Teman saya itu, tiba-tiba nangis sesenggukan dibarengi dengan kesan yang amat sangat kesal dan sial seraya misuh-misuh tapi samar-samar di pojokan kamar, di balik lemari bajunya. Saya kira ada apa, ternyata dia sedang menggenggap HP di tangannya. Akhirnya, saya menjadi ngerti bahwa dia sedang uring-uringan dengan orang di balik sana, wanitanya itu. Mungkin sedang ada masalah.

Memandangnya saya menjadi tersenyum geli dalam hati sekaligus berpikir, kok sampai-sampainya seperti itu. Memerkuat saya bahwa orang yang sedang dilanda cinta memang betul-betul bisa gila. Lupa daratan. Bukankah sudah jelas menurut pikiran saya, lawong wanitanya juga ga tidak masuk akal. Lucu plus bodoh. Pikir saya.

Namun, saya sadari juga bahwa cinta memang kerap tidak masuk akal. Kadang juga kita temukan saudara sama-sama saudaranya saling membunuh, hanya gara-gara rebutan wanita. Berapa banyak sebuah bangsa saling bentrok dengan bangsa lainnya hanya gara-gara cinta. Dan, ini memang sudah terjadi sejak zaman pertama kali sejarah manusia menginjakkan kakinya di planet bumi ini.

Qabil dan Habil adalah manusia pertama kali dilanda asmara sekaligus hancur gara-gara wanita itu. Akhirnya, cinta dan wanita adalah kekacauan dan dosa awal kali manusia melakukannya di dunia.

Sejatinya, arah dan motif cinta banyak macam.  Ada yang arahnya kepada kedudukan, harta, Tuhan, orang tua, atau rekan. Tapi, seakan cinta lebih identik dengan wanita. Kalau orang sudah mengatakan cinta pasti akan langsung terbayang di kepalanya seorang wanita. Bagi yang laki-laki. Sedangkan bagi yang wanita berarti laki-laki.

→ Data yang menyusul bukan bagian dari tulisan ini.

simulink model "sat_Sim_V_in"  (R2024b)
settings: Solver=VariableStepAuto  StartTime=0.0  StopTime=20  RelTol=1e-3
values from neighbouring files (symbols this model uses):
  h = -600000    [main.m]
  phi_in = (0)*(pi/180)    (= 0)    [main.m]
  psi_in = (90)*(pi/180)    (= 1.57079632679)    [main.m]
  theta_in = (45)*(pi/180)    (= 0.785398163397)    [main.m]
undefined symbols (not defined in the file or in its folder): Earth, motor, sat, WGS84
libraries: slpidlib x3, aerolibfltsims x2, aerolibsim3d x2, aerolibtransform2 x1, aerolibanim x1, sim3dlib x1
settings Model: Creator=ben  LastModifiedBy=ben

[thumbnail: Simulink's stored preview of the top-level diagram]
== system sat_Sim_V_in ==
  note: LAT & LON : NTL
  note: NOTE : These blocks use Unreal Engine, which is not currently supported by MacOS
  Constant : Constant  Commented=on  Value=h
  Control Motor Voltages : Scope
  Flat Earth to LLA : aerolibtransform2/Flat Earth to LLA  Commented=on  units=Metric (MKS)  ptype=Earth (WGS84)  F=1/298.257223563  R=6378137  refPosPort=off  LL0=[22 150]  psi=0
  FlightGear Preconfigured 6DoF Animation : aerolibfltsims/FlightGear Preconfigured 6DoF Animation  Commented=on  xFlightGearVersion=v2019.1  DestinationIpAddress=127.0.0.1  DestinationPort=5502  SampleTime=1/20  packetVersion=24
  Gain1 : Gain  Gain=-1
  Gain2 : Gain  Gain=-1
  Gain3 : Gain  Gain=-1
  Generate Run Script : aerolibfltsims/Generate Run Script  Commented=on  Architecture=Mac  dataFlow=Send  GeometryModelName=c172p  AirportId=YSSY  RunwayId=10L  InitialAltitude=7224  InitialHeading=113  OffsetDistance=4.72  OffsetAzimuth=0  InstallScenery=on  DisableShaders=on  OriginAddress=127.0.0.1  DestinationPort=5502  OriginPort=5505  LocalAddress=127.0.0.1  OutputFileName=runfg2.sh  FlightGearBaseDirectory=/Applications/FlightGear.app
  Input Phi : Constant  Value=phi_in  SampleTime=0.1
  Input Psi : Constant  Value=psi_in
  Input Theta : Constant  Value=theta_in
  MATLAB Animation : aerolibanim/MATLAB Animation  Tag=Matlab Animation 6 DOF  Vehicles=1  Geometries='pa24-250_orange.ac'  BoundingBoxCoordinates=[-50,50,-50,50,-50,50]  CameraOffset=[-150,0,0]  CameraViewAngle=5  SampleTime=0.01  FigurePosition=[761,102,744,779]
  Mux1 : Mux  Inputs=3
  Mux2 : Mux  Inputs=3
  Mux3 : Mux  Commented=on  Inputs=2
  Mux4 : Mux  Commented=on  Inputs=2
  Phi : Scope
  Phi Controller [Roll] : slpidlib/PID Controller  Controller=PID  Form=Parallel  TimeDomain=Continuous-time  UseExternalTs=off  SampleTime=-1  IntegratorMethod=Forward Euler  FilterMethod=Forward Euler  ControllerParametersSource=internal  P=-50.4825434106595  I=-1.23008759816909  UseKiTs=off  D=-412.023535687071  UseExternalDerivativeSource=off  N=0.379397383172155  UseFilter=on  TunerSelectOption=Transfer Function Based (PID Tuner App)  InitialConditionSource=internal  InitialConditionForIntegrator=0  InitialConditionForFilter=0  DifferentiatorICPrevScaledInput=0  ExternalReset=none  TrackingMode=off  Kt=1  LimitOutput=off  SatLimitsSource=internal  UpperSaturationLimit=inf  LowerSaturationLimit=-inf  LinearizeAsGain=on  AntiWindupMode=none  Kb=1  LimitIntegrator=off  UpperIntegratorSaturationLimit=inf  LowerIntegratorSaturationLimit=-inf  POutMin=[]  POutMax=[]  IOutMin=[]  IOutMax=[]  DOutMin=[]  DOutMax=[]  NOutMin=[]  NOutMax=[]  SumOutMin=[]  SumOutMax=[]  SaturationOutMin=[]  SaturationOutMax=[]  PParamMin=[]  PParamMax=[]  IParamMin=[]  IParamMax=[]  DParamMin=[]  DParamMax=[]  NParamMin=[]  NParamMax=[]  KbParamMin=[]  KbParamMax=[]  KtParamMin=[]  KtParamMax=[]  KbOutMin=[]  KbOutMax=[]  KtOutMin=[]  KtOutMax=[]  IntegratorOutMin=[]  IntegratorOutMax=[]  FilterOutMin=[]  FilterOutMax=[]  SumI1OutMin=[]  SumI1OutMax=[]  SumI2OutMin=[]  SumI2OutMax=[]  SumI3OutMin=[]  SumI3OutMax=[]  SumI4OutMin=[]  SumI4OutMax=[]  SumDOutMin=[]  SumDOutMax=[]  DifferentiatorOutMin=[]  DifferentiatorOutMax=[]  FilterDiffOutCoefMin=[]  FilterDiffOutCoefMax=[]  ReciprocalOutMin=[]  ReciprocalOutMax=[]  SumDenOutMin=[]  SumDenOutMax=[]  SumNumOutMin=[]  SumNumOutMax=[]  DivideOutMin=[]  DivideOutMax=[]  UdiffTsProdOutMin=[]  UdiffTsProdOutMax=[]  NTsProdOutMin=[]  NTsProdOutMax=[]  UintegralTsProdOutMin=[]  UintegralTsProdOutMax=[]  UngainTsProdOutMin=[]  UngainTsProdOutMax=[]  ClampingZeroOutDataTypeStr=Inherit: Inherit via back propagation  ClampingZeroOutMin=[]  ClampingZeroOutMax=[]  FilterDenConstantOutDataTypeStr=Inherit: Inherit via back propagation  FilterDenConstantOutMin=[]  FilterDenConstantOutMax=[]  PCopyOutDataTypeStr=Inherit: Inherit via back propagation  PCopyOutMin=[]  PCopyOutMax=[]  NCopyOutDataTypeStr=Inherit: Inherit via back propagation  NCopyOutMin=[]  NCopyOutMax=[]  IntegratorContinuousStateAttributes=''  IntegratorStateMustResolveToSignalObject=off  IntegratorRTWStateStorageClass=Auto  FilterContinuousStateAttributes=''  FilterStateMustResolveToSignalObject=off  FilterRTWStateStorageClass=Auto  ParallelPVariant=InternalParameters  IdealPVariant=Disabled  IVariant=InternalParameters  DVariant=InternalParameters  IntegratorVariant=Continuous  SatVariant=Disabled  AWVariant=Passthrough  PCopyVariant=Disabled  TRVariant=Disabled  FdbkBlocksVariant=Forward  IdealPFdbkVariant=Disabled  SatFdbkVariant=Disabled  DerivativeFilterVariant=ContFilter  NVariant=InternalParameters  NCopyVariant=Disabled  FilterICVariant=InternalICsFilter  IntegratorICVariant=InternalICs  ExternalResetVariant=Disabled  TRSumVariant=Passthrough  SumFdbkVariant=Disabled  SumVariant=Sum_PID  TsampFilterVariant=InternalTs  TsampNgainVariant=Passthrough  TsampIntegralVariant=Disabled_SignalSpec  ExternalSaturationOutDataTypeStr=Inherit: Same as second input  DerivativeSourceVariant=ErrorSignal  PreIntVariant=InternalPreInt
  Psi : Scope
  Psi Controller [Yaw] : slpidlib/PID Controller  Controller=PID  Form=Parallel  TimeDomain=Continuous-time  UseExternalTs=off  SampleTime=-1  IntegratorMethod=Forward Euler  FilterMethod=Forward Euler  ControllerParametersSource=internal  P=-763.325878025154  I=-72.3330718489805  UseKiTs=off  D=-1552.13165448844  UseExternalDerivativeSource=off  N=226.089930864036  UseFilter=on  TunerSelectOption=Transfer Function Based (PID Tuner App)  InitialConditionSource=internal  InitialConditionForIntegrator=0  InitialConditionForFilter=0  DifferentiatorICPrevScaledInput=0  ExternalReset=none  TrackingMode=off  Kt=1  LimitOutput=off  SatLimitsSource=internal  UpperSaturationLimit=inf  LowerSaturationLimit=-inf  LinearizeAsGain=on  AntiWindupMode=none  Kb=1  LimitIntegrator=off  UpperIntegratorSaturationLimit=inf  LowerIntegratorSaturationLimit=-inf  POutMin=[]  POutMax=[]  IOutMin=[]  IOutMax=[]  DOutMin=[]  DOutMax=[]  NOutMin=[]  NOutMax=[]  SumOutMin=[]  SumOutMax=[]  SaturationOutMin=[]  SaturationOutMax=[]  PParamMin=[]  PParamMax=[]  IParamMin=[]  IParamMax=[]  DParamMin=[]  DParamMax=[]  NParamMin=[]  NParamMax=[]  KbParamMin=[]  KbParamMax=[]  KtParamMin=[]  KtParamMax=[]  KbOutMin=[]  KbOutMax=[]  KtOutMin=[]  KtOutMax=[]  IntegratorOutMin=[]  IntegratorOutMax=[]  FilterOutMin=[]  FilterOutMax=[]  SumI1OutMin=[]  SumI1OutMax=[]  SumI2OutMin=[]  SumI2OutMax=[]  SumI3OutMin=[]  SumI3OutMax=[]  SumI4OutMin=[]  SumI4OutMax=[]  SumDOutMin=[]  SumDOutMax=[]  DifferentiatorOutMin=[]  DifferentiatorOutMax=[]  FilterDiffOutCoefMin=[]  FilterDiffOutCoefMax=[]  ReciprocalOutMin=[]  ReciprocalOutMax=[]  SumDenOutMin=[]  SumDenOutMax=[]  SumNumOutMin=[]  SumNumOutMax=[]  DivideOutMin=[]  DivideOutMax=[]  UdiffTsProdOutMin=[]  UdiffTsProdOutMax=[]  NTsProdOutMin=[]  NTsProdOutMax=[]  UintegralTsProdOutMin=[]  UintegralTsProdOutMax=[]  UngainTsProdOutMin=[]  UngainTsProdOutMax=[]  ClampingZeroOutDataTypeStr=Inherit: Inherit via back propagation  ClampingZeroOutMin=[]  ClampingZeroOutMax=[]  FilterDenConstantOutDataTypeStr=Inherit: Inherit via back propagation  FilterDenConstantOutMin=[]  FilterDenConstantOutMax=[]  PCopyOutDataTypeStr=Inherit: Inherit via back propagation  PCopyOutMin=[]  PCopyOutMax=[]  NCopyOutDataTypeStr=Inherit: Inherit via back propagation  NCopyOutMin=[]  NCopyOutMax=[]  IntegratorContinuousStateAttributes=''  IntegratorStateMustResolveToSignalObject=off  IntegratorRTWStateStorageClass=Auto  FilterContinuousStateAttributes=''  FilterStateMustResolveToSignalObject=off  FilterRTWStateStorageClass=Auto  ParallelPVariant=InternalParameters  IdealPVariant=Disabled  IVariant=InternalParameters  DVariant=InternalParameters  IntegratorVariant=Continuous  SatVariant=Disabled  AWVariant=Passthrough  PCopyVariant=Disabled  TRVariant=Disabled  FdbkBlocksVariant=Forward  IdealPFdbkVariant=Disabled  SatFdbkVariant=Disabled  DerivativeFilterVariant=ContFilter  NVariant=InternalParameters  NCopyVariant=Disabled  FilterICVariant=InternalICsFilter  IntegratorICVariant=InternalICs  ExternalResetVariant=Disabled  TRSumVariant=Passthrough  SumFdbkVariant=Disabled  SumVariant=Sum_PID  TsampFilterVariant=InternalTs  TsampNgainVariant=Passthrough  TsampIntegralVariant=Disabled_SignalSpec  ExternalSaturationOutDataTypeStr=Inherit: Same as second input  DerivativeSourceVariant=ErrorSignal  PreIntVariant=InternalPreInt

Motifnya juga beraneka ragam. Ada yang cinta karena kaya; ada yang cinta karena berpengaruh, ada yang cinta karena suaranya; ada yang cinta karena kesopanannya; ada yang cinta karena kemolekan tubuhnya atau seks; dan ada yang cinta memang karena kecantikan atau ketampanannya. Yang terakhirlah yang lebih diidentikan dengan cinta.

Selain itu, ada yang bilang bahwa cinta itu relatif, dengan motif dan arahnya itu. Kemudian berkembang menjadi sebuah jargon bahwa ” Bukan cantik yang membawa cinta tapi cinta yang membawa cantik. Jamak kita temukan, ada wanita secara fisik dia buruk tapi kata seseorang dia sangat amat cantik sehingga dia mencintainya. Yang jelas, pasti, meski pada fisiknya dia jelek, ada suatu sisi yang membuatnya segalanya menjadi cantik bagi yang cinta, bisa karena bentuk tubuhnya, keindahan suaranya, atau gaya jalannya.

Tapi sebaliknya, ada juga yang katakanlah sebenarnya secara fisik wanita itu amat sangat cantik tapi bagi orang tertentu dia menjadi paling buruk sedunia. Bisa jadi ada satu sisi yang membuatnya menjadi terburuk segalanya baginya, bisa jadi karena dia pernah disakiti atau ada perasaan sentimen, dan sebagainya.

Akhirnya, kalau cinta ini makin dirunut-runut kita akan tak terasa menerobos sampai kepada persoalan filosofis yang rumit tentang hakekat cinta, moral, dan estetika. Apakah indah itu karena kita cinta atau kita cinta karena indah. Atau, apakah indah itu karena memang dirinya sebagai objek yang indah atau karena subjek yang melihat menganggapnya indah.

Entahlah, kita pikir sendiri-sendiri saja. Ambil saja satu contoh sebagai bahan pertanyaan yang lebih simpel dan praktis: Artis Luna Maya, siapakah yang bilang bahwa dia wanita jelek? Eksitensi kepribadian diri anda akan tercermin dari jawaban anda. Berhati-hatilah dengan cinta.